After you've flipped to the back flap and confirmed in the Note about the Author that yes, this is the son of the notorious second Mrs. Prince Charles; flipped back to the book cover and checked out his picture with renewed interest; and then mentally reviewed all you'd heard or guessed about his mother's late predecessor, Princess Di (she was an angel/a devil/a drunk/a run-about/murdered), you can then settle down to reading the actual book.
It's a pity that Mr. Parker Bowles must be saddled with the detritus of his mother's liaisons because he is an amusing and informative writer. The Year of Eating Dangerously is a delightful, if sometimes stomach churning, book about the quest for authentic food around the globe - whether that is shish-kebabed cockroaches or ant egg salad.
Parker Bowles is a well-known food critic in his native Britain, so he knows a thing or two about food in all its forms. Yet even he was baffled by the extraordinary food aversions that normal, well-adjusted people can develop: one of his friends could not abide peas; another detested the very sight of bananas. “One man's pea is another man's tripe,” as Parker Bowles philosophizes.
He decided to explore this notion more fully by traipsing about the world in search of “dangerous” food. The book's subtitle actually states it more accurately: a “search of culinary extremes.” Beginning in England, then traveling through New Mexico, Nashville, China, Tokyo, Korea, Laos, and Spain, Parker Bowles tries (or attempts to try) everything from stewed dog to silk worm pupae to a 600,000 SCU chili pepper.
Reading about someone eating something repulsive is infinitely more rewarding than watching someone eat it. On camera, people eating squirming eels or stir-fried cobra or raw sheep tongue seem restricted to only one of three themes: (1). Grotesque facial expressions (2). Exclamations of loathing and disgust, or (3). Impromptu testimonials on the unexpected tastiness of the dog/eel/tongue.
Print, however, lifts the lid on a smorgasbord of tasty descriptions.
Like Parker Bowles' delightful description of eating a silkworm pupae in Korea: “A creamy goo spurts onto my tongue, producing one of the most repellent tastes I have ever experienced. A fetid rottenness…engulfs my mouth, spreading its filth to every corner. Every cell in my body is suffused with this festering horror and all I can think of is freshly dug graves.”
Or his experience eating raw tripe (cow stomach) in a small Laotian restaurant: “The texture is more rubbery than ever when uncooked, with a slight beefy taste. But my teeth make little headway on the slippery piece of tummy going round and round my mouth....”
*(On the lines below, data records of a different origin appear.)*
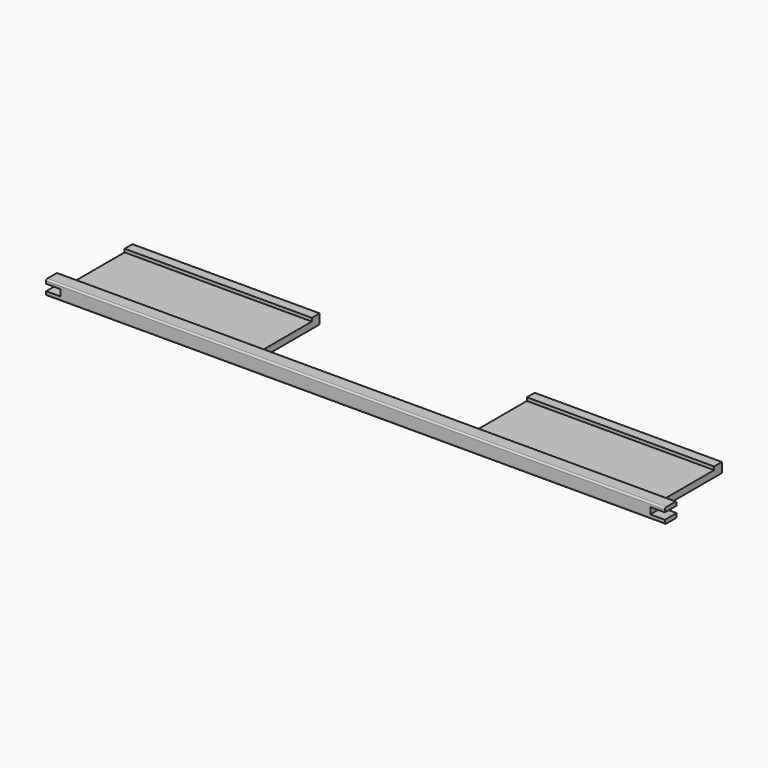
from build123d import *

# Parameters (mm, degrees)
F0_W      = 45
F0_H      = 45
F1_DEPTH  = 950
F2_R      = 5
F3_W      = 45
F3_H      = 20
F4_DEPTH  = 45.001
F5_W      = 40
F5_H      = 20
F6_DEPTH  = 25
F7_W      = 40
F7_H      = 20
F8_DEPTH  = 25
F9_W      = 575
F9_H      = 20
F10_DEPTH = 230
F11_W     = 575
F11_H     = 30
F12_DEPTH = 10


# Not quite as in the source:
# - a pattern or mirror of a feature is missing from the dataset's text; its kind, count and spacing are read off the source's solid


with BuildPart() as f1:
    # F0 (on Right) → F1 (new body, symmetric)
    with BuildSketch(Plane.YZ):
        with Locations((22.5, 22.5)):
            Rectangle(F0_W, F0_H)
    extrude(amount=F1_DEPTH, both=True)

    # F2
    f2_edges = [f1.edges().sort_by_distance(p)[0] for p in [
        (0, 0, 45),
        (0, 45, 45),
        (0, 0, 0),
        (0, 45, 0),
    ]]
    fillet(f2_edges, radius=F2_R)

    # F3 (on face) → F4 (cut, through all)
    with BuildSketch(Plane.XZ):
        with Locations((-927.5, 22.5)):
            Rectangle(F3_W, F3_H)
    f4 = extrude(amount=-F4_DEPTH, mode=Mode.SUBTRACT)

    # F4_copies: F4 across plane
    add(f4.mirror(Plane(origin=(0, 0, 0), x_dir=(0, 0, 1), z_dir=(1, 0, 0))), mode=Mode.SUBTRACT)

    # F5 (on face) → F6 (cut)
    with BuildSketch(Plane(origin=(0, 0, 0), x_dir=(1, 0, 0), z_dir=(0, 0, -1))):
        with Locations((-780, -22.5)):
            Rectangle(F5_W, F5_H)
    f6 = extrude(amount=-F6_DEPTH, mode=Mode.SUBTRACT)

    # F6_copies: F6 across plane
    add(f6.mirror(Plane(origin=(0, 0, 0), x_dir=(0, 0, 1), z_dir=(1, 0, 0))), mode=Mode.SUBTRACT)

    # F7 (on face) → F8 (cut)
    with BuildSketch(Plane(origin=(0, 0, 0), x_dir=(1, 0, 0), z_dir=(0, 0, -1))):
        with Locations((0, -22.5)):
            Rectangle(F7_W, F7_H)
    extrude(amount=-F8_DEPTH, mode=Mode.SUBTRACT)

    # F9 (on face) → F10 (join)
    with BuildSketch(Plane(origin=(0, 45, 0), x_dir=(-1, 0, 0), z_dir=(0, 1, 0))):
        with Locations((-617.5, 22.5)):
            Rectangle(F9_W, F9_H)
        with Locations((617.5, 22.5)):
            Rectangle(F9_W, F9_H)
    extrude(amount=F10_DEPTH)

    # F11 (on face) → F12 (join)
    with BuildSketch(Plane.XY.offset(32.5)):
        with Locations((-617.5, 260)):
            Rectangle(F11_W, F11_H)
        with Locations((617.5, 260)):
            Rectangle(F11_W, F11_H)
    extrude(amount=F12_DEPTH)


solid = f1.part

Best of all is his reaction to eating dog in Korea: “I'm just imagining myself bragging about eating dog to friends back home…when it hits me - the smell…. You know when your dog has been out in the rain, possibly down a hole, and he turns up at the door, soaked and wretched? And you bring him into the house and start drying him with that dirty dog towel kept out the back. That is it, the smell of wet dog…wet, dirty, dead dog. No spice, however pungent, could mask this stink.”
The book's title is actually a bit misleading: while some of the food Parker Bowles snacks on in the course of his culinary year is truly dangerous, such as the fugu or puffer fish in Tokyo (a lethal dose of poison from this fish could fit on the head of a pin), most of the food is dangerous only to one's pride, psyche, or waistline.
When Parker Bowles attends the 16th annual Jack Daniel's World Championship Invitational BBQ in Lynchburg, Tennessee, the only real danger was that his stomach would burst after ingesting an astounding 15 lbs worth of brisket, ribs, and chicken. At a formal family dinner in Korea, his pride is in serious danger when he retches trying to eat the main dish offered to him - a hunk of white beef sinew.
Parker Bowles' writing is intelligent and witty; imagine a British Anthony Bourdain - posher, brainier, and better-looking. However, he does sometimes forget that he is a food writer and dabbles in a bit too much of environmental and political soapbox punditry. Not all the trips add up to a dangerous or even moderately dangerous experience: in England, despite the fact that he begins the book in search of elvers (eels), he never actually eats them - a bit of a let down to say the least. In several of the chapters he seems to spend more time discussing the people he met in the country than the food.
Despite this, The Year of Eating Dangerously is refreshing honest and the easiest way to get first-hand knowledge about the taste of fermented fish eggs.